Morgan organized the inaugural “Free to Breathe 5K Run and 1 Mile Walk” fundraiser sponsored by the National Lung Cancer Partnership last year and ran in the second annual event this year.
“It was the happiest time in my life when my mother came to live here,” said Morgan, whose parents moved to the area from Ashland, Ky., 10 years ago.
“My family was all together. Babies were everything to my mother and she thought I wouldn’t have any because I was an older mom. She moved two weeks before my older son, Evan, was born. But over the next year and a half to two years, she began developing signs of lung cancer. She died within seven to eight months after being diagnosed with incurable, inoperable lung cancer eight years ago.”
Morgan was born in Woodbridge, Va., where she lived until the age of 5. She moved to Ashland, Ky., after her father transferred his position in the post office so that the family could live closer to relatives in nearby West Virginia.
After graduating from Paul G. Blazer High School in 1980, Morgan worked and attended classes at Ashland Community College, where she was studying business.

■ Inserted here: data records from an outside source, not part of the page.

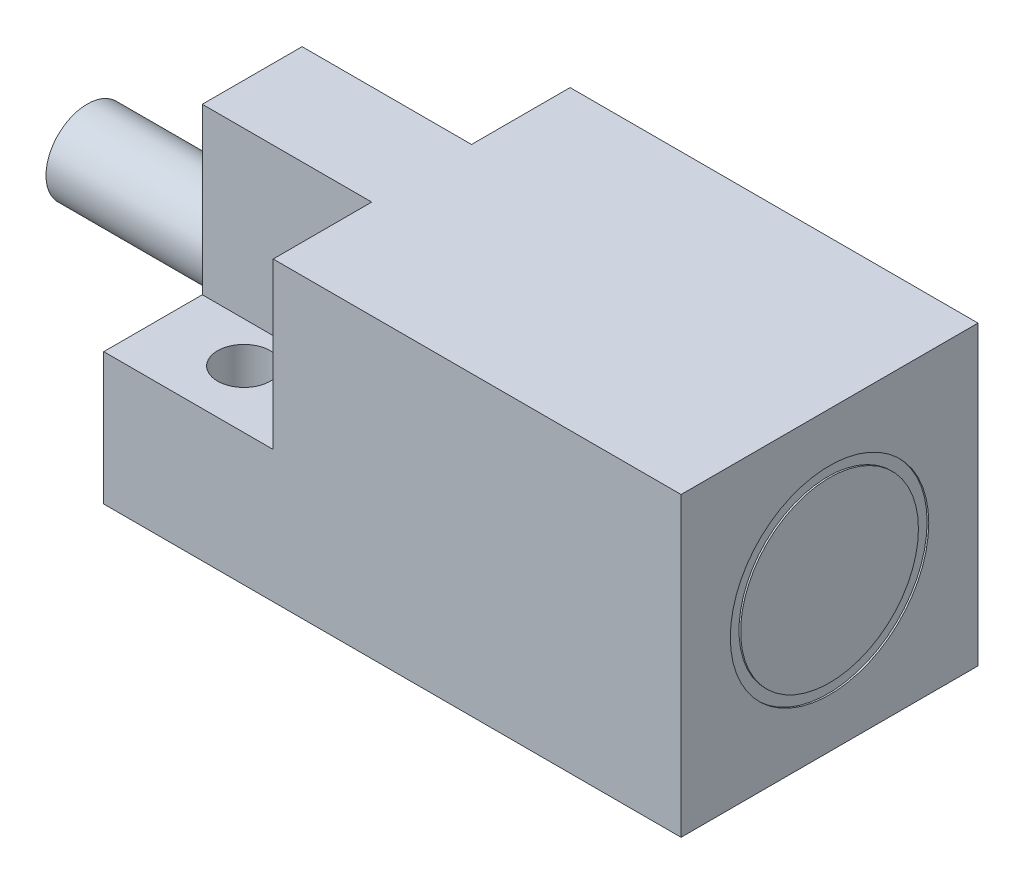
ISO-10303-21;
HEADER;
FILE_DESCRIPTION(('STEP AP214'),'2;1');
FILE_NAME('part.step','',(''),(''),'','','');
FILE_SCHEMA(('AUTOMOTIVE_DESIGN { 1 0 10303 214 1 1 1 1 }'));
ENDSEC;
DATA;
#1=APPLICATION_CONTEXT('core data for automotive mechanical design processes');
#2=APPLICATION_PROTOCOL_DEFINITION('international standard','automotive_design',2000,#1);
#3=PRODUCT_CONTEXT('',#1,'mechanical');
#4=PRODUCT('Part','Part','',(#3));
#5=PRODUCT_RELATED_PRODUCT_CATEGORY('part','',(#4));
#6=PRODUCT_DEFINITION_FORMATION('','',#4);
#7=PRODUCT_DEFINITION_CONTEXT('part definition',#1,'design');
#8=PRODUCT_DEFINITION('design','',#6,#7);
#9=PRODUCT_DEFINITION_SHAPE('','',#8);
#10=(LENGTH_UNIT() NAMED_UNIT(*) SI_UNIT(.MILLI.,.METRE.));
#11=(NAMED_UNIT(*) PLANE_ANGLE_UNIT() SI_UNIT($,.RADIAN.));
#12=(NAMED_UNIT(*) SI_UNIT($,.STERADIAN.) SOLID_ANGLE_UNIT());
#13=UNCERTAINTY_MEASURE_WITH_UNIT(LENGTH_MEASURE(1.E-05),#10,'distance_accuracy_value','');
#14=(GEOMETRIC_REPRESENTATION_CONTEXT(3) GLOBAL_UNCERTAINTY_ASSIGNED_CONTEXT((#13)) GLOBAL_UNIT_ASSIGNED_CONTEXT((#10,
#11,#12)) REPRESENTATION_CONTEXT('',''));
#15=CARTESIAN_POINT('',(0.,0.,0.));
#16=DIRECTION('',(0.,0.,1.));
#17=DIRECTION('',(1.,0.,0.));
#18=AXIS2_PLACEMENT_3D('',#15,#16,#17);
#19=CARTESIAN_POINT('',(-12.5,-9.,5.5));
#20=DIRECTION('',(0.,1.,0.));
#21=DIRECTION('',(0.,0.,1.));
#22=AXIS2_PLACEMENT_3D('',#19,#20,#21);
#23=CYLINDRICAL_SURFACE('',#22,1.6);
#24=CARTESIAN_POINT('',(-12.5,-9.,5.5));
#25=DIRECTION('',(0.,1.,0.));
#26=DIRECTION('',(0.,0.,1.));
#27=AXIS2_PLACEMENT_3D('',#24,#25,#26);
#28=CIRCLE('',#27,1.6);
#29=CARTESIAN_POINT('',(-12.5,-9.,7.1));
#30=VERTEX_POINT('',#29);
#31=EDGE_CURVE('E167',#30,#30,#28,.T.);
#32=ORIENTED_EDGE('',*,*,#31,.F.);
#33=EDGE_LOOP('',(#32));
#34=FACE_BOUND('',#33,.T.);
#35=CARTESIAN_POINT('',(-12.5,-1.,5.5));
#36=DIRECTION('',(0.,1.,0.));
#37=DIRECTION('',(0.,0.,1.));
#38=AXIS2_PLACEMENT_3D('',#35,#36,#37);
#39=CIRCLE('',#38,1.6);
#40=CARTESIAN_POINT('',(-12.5,-1.,7.1));
#41=VERTEX_POINT('',#40);
#42=EDGE_CURVE('E38',#41,#41,#39,.F.);
#43=ORIENTED_EDGE('',*,*,#42,.F.);
#44=EDGE_LOOP('',(#43));
#45=FACE_BOUND('',#44,.T.);
#46=ADVANCED_FACE('F34',(#34,#45),#23,.F.);
#47=CARTESIAN_POINT('',(-12.5,-9.,-5.5));
#48=DIRECTION('',(0.,1.,0.));
#49=DIRECTION('',(0.,0.,1.));
#50=AXIS2_PLACEMENT_3D('',#47,#48,#49);
#51=CYLINDRICAL_SURFACE('',#50,1.6);
#52=CARTESIAN_POINT('',(-12.5,-9.,-5.5));
#53=DIRECTION('',(0.,1.,0.));
#54=DIRECTION('',(0.,0.,1.));
#55=AXIS2_PLACEMENT_3D('',#52,#53,#54);
#56=CIRCLE('',#55,1.6);
#57=CARTESIAN_POINT('',(-12.5,-9.,-3.9));
#58=VERTEX_POINT('',#57);
#59=EDGE_CURVE('E170',#58,#58,#56,.T.);
#60=ORIENTED_EDGE('',*,*,#59,.F.);
#61=EDGE_LOOP('',(#60));
#62=FACE_BOUND('',#61,.T.);
#63=CARTESIAN_POINT('',(-12.5,-1.,-5.5));
#64=DIRECTION('',(0.,1.,0.));
#65=DIRECTION('',(0.,0.,1.));
#66=AXIS2_PLACEMENT_3D('',#63,#64,#65);
#67=CIRCLE('',#66,1.6);
#68=CARTESIAN_POINT('',(-12.5,-1.,-3.9));
#69=VERTEX_POINT('',#68);
#70=EDGE_CURVE('E160',#69,#69,#67,.F.);
#71=ORIENTED_EDGE('',*,*,#70,.F.);
#72=EDGE_LOOP('',(#71));
#73=FACE_BOUND('',#72,.T.);
#74=ADVANCED_FACE('F217',(#62,#73),#51,.F.);
#75=CARTESIAN_POINT('',(-17.5,9.,-9.));
#76=DIRECTION('',(1.,0.,0.));
#77=DIRECTION('',(0.,0.,-1.));
#78=AXIS2_PLACEMENT_3D('',#75,#76,#77);
#79=PLANE('',#78);
#80=DIRECTION('',(0.,0.,1.));
#81=VECTOR('',#80,1.);
#82=CARTESIAN_POINT('',(-17.5,-1.,9.));
#83=LINE('',#82,#81);
#84=CARTESIAN_POINT('',(-17.5,-1.,3.02494148541022));
#85=VERTEX_POINT('',#84);
#86=CARTESIAN_POINT('',(-17.5,-1.,9.));
#87=VERTEX_POINT('',#86);
#88=EDGE_CURVE('E127',#85,#87,#83,.T.);
#89=ORIENTED_EDGE('',*,*,#88,.F.);
#90=DIRECTION('',(0.,1.,0.));
#91=VECTOR('',#90,1.);
#92=CARTESIAN_POINT('',(-17.5,-1.,3.02494148541022));
#93=LINE('',#92,#91);
#94=CARTESIAN_POINT('',(-17.5,9.,3.02494148541022));
#95=VERTEX_POINT('',#94);
#96=EDGE_CURVE('E137',#85,#95,#93,.T.);
#97=ORIENTED_EDGE('',*,*,#96,.T.);
#98=DIRECTION('',(0.,0.,1.));
#99=VECTOR('',#98,1.);
#100=CARTESIAN_POINT('',(-17.5,9.,-9.));
#101=LINE('',#100,#99);
#102=CARTESIAN_POINT('',(-17.5,9.,-3.02494148541022));
#103=VERTEX_POINT('',#102);
#104=EDGE_CURVE('E186',#103,#95,#101,.T.);
#105=ORIENTED_EDGE('',*,*,#104,.F.);
#106=DIRECTION('',(0.,1.,0.));
#107=VECTOR('',#106,1.);
#108=CARTESIAN_POINT('',(-17.5,-1.,-3.02494148541022));
#109=LINE('',#108,#107);
#110=CARTESIAN_POINT('',(-17.5,-1.,-3.02494148541022));
#111=VERTEX_POINT('',#110);
#112=EDGE_CURVE('E59',#111,#103,#109,.T.);
#113=ORIENTED_EDGE('',*,*,#112,.F.);
#114=DIRECTION('',(0.,0.,1.));
#115=VECTOR('',#114,1.);
#116=CARTESIAN_POINT('',(-17.5,-1.,-9.));
#117=LINE('',#116,#115);
#118=CARTESIAN_POINT('',(-17.5,-1.,-9.));
#119=VERTEX_POINT('',#118);
#120=EDGE_CURVE('E142',#119,#111,#117,.T.);
#121=ORIENTED_EDGE('',*,*,#120,.F.);
#122=DIRECTION('',(0.,-1.,0.));
#123=VECTOR('',#122,1.);
#124=CARTESIAN_POINT('',(-17.5,9.,-9.));
#125=LINE('',#124,#123);
#126=CARTESIAN_POINT('',(-17.5,-9.,-9.));
#127=VERTEX_POINT('',#126);
#128=EDGE_CURVE('E196',#119,#127,#125,.T.);
#129=ORIENTED_EDGE('',*,*,#128,.T.);
#130=DIRECTION('',(0.,0.,1.));
#131=VECTOR('',#130,1.);
#132=CARTESIAN_POINT('',(-17.5,-9.,-9.));
#133=LINE('',#132,#131);
#134=CARTESIAN_POINT('',(-17.5,-9.,9.));
#135=VERTEX_POINT('',#134);
#136=EDGE_CURVE('E183',#127,#135,#133,.T.);
#137=ORIENTED_EDGE('',*,*,#136,.T.);
#138=DIRECTION('',(0.,-1.,0.));
#139=VECTOR('',#138,1.);
#140=CARTESIAN_POINT('',(-17.5,9.,9.));
#141=LINE('',#140,#139);
#142=EDGE_CURVE('E43',#87,#135,#141,.T.);
#143=ORIENTED_EDGE('',*,*,#142,.F.);
#144=EDGE_LOOP('',(#89,#97,#105,#113,#121,#129,#137,#143));
#145=FACE_BOUND('',#144,.T.);
#146=CARTESIAN_POINT('',(-17.5,0.,0.));
#147=DIRECTION('',(1.,0.,0.));
#148=DIRECTION('',(0.,0.,-1.));
#149=AXIS2_PLACEMENT_3D('',#146,#147,#148);
#150=CIRCLE('',#149,2.5);
#151=CARTESIAN_POINT('',(-17.5,0.,-2.5));
#152=VERTEX_POINT('',#151);
#153=EDGE_CURVE('E11',#152,#152,#150,.F.);
#154=ORIENTED_EDGE('',*,*,#153,.F.);
#155=EDGE_LOOP('',(#154));
#156=FACE_BOUND('',#155,.T.);
#157=ADVANCED_FACE('F36',(#145,#156),#79,.F.);
#158=CARTESIAN_POINT('',(-17.5,9.,9.));
#159=DIRECTION('',(0.,0.,-1.));
#160=DIRECTION('',(-1.,0.,0.));
#161=AXIS2_PLACEMENT_3D('',#158,#159,#160);
#162=PLANE('',#161);
#163=DIRECTION('',(1.,0.,0.));
#164=VECTOR('',#163,1.);
#165=CARTESIAN_POINT('',(-17.5,9.,9.));
#166=LINE('',#165,#164);
#167=CARTESIAN_POINT('',(-7.22890425240749,9.,9.));
#168=VERTEX_POINT('',#167);
#169=CARTESIAN_POINT('',(17.5,9.,9.));
#170=VERTEX_POINT('',#169);
#171=EDGE_CURVE('E135',#168,#170,#166,.T.);
#172=ORIENTED_EDGE('',*,*,#171,.F.);
#173=DIRECTION('',(0.,1.,0.));
#174=VECTOR('',#173,1.);
#175=CARTESIAN_POINT('',(-7.22890425240749,-1.,9.));
#176=LINE('',#175,#174);
#177=CARTESIAN_POINT('',(-7.22890425240749,-1.,9.));
#178=VERTEX_POINT('',#177);
#179=EDGE_CURVE('E51',#178,#168,#176,.T.);
#180=ORIENTED_EDGE('',*,*,#179,.F.);
#181=DIRECTION('',(1.,0.,0.));
#182=VECTOR('',#181,1.);
#183=CARTESIAN_POINT('',(-17.5,-1.,9.));
#184=LINE('',#183,#182);
#185=EDGE_CURVE('E121',#87,#178,#184,.T.);
#186=ORIENTED_EDGE('',*,*,#185,.F.);
#187=ORIENTED_EDGE('',*,*,#142,.T.);
#188=DIRECTION('',(1.,0.,0.));
#189=VECTOR('',#188,1.);
#190=CARTESIAN_POINT('',(-17.5,-9.,9.));
#191=LINE('',#190,#189);
#192=CARTESIAN_POINT('',(17.5,-9.,9.));
#193=VERTEX_POINT('',#192);
#194=EDGE_CURVE('E199',#135,#193,#191,.T.);
#195=ORIENTED_EDGE('',*,*,#194,.T.);
#196=DIRECTION('',(0.,-1.,0.));
#197=VECTOR('',#196,1.);
#198=CARTESIAN_POINT('',(17.5,9.,9.));
#199=LINE('',#198,#197);
#200=EDGE_CURVE('E209',#170,#193,#199,.T.);
#201=ORIENTED_EDGE('',*,*,#200,.F.);
#202=EDGE_LOOP('',(#172,#180,#186,#187,#195,#201));
#203=FACE_BOUND('',#202,.T.);
#204=ADVANCED_FACE('F133',(#203),#162,.F.);
#205=CARTESIAN_POINT('',(17.5,9.,-9.));
#206=DIRECTION('',(-1.,0.,0.));
#207=DIRECTION('',(0.,0.,1.));
#208=AXIS2_PLACEMENT_3D('',#205,#206,#207);
#209=PLANE('',#208);
#210=CARTESIAN_POINT('',(17.5,0.,0.));
#211=DIRECTION('',(1.,0.,0.));
#212=DIRECTION('',(0.,0.,-1.));
#213=AXIS2_PLACEMENT_3D('',#210,#211,#212);
#214=CIRCLE('',#213,6.0156909208461);
#215=CARTESIAN_POINT('',(17.5,0.,-6.0156909208461));
#216=VERTEX_POINT('',#215);
#217=EDGE_CURVE('E177',#216,#216,#214,.T.);
#218=ORIENTED_EDGE('',*,*,#217,.F.);
#219=EDGE_LOOP('',(#218));
#220=FACE_BOUND('',#219,.T.);
#221=DIRECTION('',(0.,0.,-1.));
#222=VECTOR('',#221,1.);
#223=CARTESIAN_POINT('',(17.5,-9.,-9.));
#224=LINE('',#223,#222);
#225=CARTESIAN_POINT('',(17.5,-9.,-9.));
#226=VERTEX_POINT('',#225);
#227=EDGE_CURVE('E201',#193,#226,#224,.T.);
#228=ORIENTED_EDGE('',*,*,#227,.T.);
#229=DIRECTION('',(0.,-1.,0.));
#230=VECTOR('',#229,1.);
#231=CARTESIAN_POINT('',(17.5,9.,-9.));
#232=LINE('',#231,#230);
#233=CARTESIAN_POINT('',(17.5,9.,-9.));
#234=VERTEX_POINT('',#233);
#235=EDGE_CURVE('E206',#234,#226,#232,.T.);
#236=ORIENTED_EDGE('',*,*,#235,.F.);
#237=DIRECTION('',(0.,0.,-1.));
#238=VECTOR('',#237,1.);
#239=CARTESIAN_POINT('',(17.5,9.,-9.));
#240=LINE('',#239,#238);
#241=EDGE_CURVE('E191',#170,#234,#240,.T.);
#242=ORIENTED_EDGE('',*,*,#241,.F.);
#243=ORIENTED_EDGE('',*,*,#200,.T.);
#244=EDGE_LOOP('',(#228,#236,#242,#243));
#245=FACE_BOUND('',#244,.T.);
#246=ADVANCED_FACE('F255',(#220,#245),#209,.F.);
#247=CARTESIAN_POINT('',(-17.5,9.,-9.));
#248=DIRECTION('',(0.,0.,1.));
#249=DIRECTION('',(1.,0.,0.));
#250=AXIS2_PLACEMENT_3D('',#247,#248,#249);
#251=PLANE('',#250);
#252=DIRECTION('',(-1.,0.,0.));
#253=VECTOR('',#252,1.);
#254=CARTESIAN_POINT('',(-17.5,-1.,-9.));
#255=LINE('',#254,#253);
#256=CARTESIAN_POINT('',(-7.22890425240749,-1.,-9.));
#257=VERTEX_POINT('',#256);
#258=EDGE_CURVE('E152',#257,#119,#255,.T.);
#259=ORIENTED_EDGE('',*,*,#258,.F.);
#260=DIRECTION('',(0.,1.,0.));
#261=VECTOR('',#260,1.);
#262=CARTESIAN_POINT('',(-7.22890425240749,-1.,-9.));
#263=LINE('',#262,#261);
#264=CARTESIAN_POINT('',(-7.22890425240749,9.,-9.));
#265=VERTEX_POINT('',#264);
#266=EDGE_CURVE('E157',#257,#265,#263,.T.);
#267=ORIENTED_EDGE('',*,*,#266,.T.);
#268=DIRECTION('',(-1.,0.,0.));
#269=VECTOR('',#268,1.);
#270=CARTESIAN_POINT('',(-17.5,9.,-9.));
#271=LINE('',#270,#269);
#272=EDGE_CURVE('E193',#234,#265,#271,.T.);
#273=ORIENTED_EDGE('',*,*,#272,.F.);
#274=ORIENTED_EDGE('',*,*,#235,.T.);
#275=DIRECTION('',(-1.,0.,0.));
#276=VECTOR('',#275,1.);
#277=CARTESIAN_POINT('',(-17.5,-9.,-9.));
#278=LINE('',#277,#276);
#279=EDGE_CURVE('E189',#226,#127,#278,.T.);
#280=ORIENTED_EDGE('',*,*,#279,.T.);
#281=ORIENTED_EDGE('',*,*,#128,.F.);
#282=EDGE_LOOP('',(#259,#267,#273,#274,#280,#281));
#283=FACE_BOUND('',#282,.T.);
#284=ADVANCED_FACE('F248',(#283),#251,.F.);
#285=CARTESIAN_POINT('',(-17.5,9.,9.));
#286=DIRECTION('',(0.,1.,0.));
#287=DIRECTION('',(0.,0.,1.));
#288=AXIS2_PLACEMENT_3D('',#285,#286,#287);
#289=PLANE('',#288);
#290=DIRECTION('',(-1.,0.,0.));
#291=VECTOR('',#290,1.);
#292=CARTESIAN_POINT('',(-17.5,9.,3.02494148541022));
#293=LINE('',#292,#291);
#294=CARTESIAN_POINT('',(-7.22890425240749,9.,3.02494148541022));
#295=VERTEX_POINT('',#294);
#296=EDGE_CURVE('E130',#295,#95,#293,.T.);
#297=ORIENTED_EDGE('',*,*,#296,.F.);
#298=DIRECTION('',(0.,0.,-1.));
#299=VECTOR('',#298,1.);
#300=CARTESIAN_POINT('',(-7.22890425240749,9.,9.));
#301=LINE('',#300,#299);
#302=EDGE_CURVE('E409',#168,#295,#301,.T.);
#303=ORIENTED_EDGE('',*,*,#302,.F.);
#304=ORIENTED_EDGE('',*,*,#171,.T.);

It was after transferring to Lexington Community College while on spring break in Myrtle Beach, S.C., that she met her husband, Daniel, a student at the University of Kentucky. The two eventually married in 1988 and moved to Bellbrook after Daniel, who currently works in IT for OmniCare in Cincinnati and Northern Kentucky, found a job in the area.
“I put myself through college, so I worked at different jobs,” said Morgan, who wanted to become a special education teacher, but studied business, marketing and computers first prior to changing majors at Wright State University.
“I wanted to be a special education teacher ever since I helped in a special education Sunday school class at church when I was a child.”
Morgan graduated from WSU in 1994 with a teaching degree in special education. She substitute taught in Bellbrook and Miamisburg for one year before being hired full time in Miamisburg where she was eventually named department chairwoman in special education in 1997.
She stopped working in 1999 to be at home with her children, Evan, 10, a student at Bellcreek Intermediate School, who studies karate and is in the fifth-grade choir, and Kasey, 5, who attends full-day kindergarten and studies dance at the Bellbrook Dance Academy.
“I was looking for some way to get motivated to run, and I wanted to honor my mother, so I decided to run for lung cancer,” said Morgan, who worked with Ray Olkfy to set up the initial run last year that had more than 100 runners participating.
“I typed ‘lung cancer’ and ‘running’ into the computer and came up with the National Lung Cancer Partnership. They didn’t have anything near here, so I decided to start one.”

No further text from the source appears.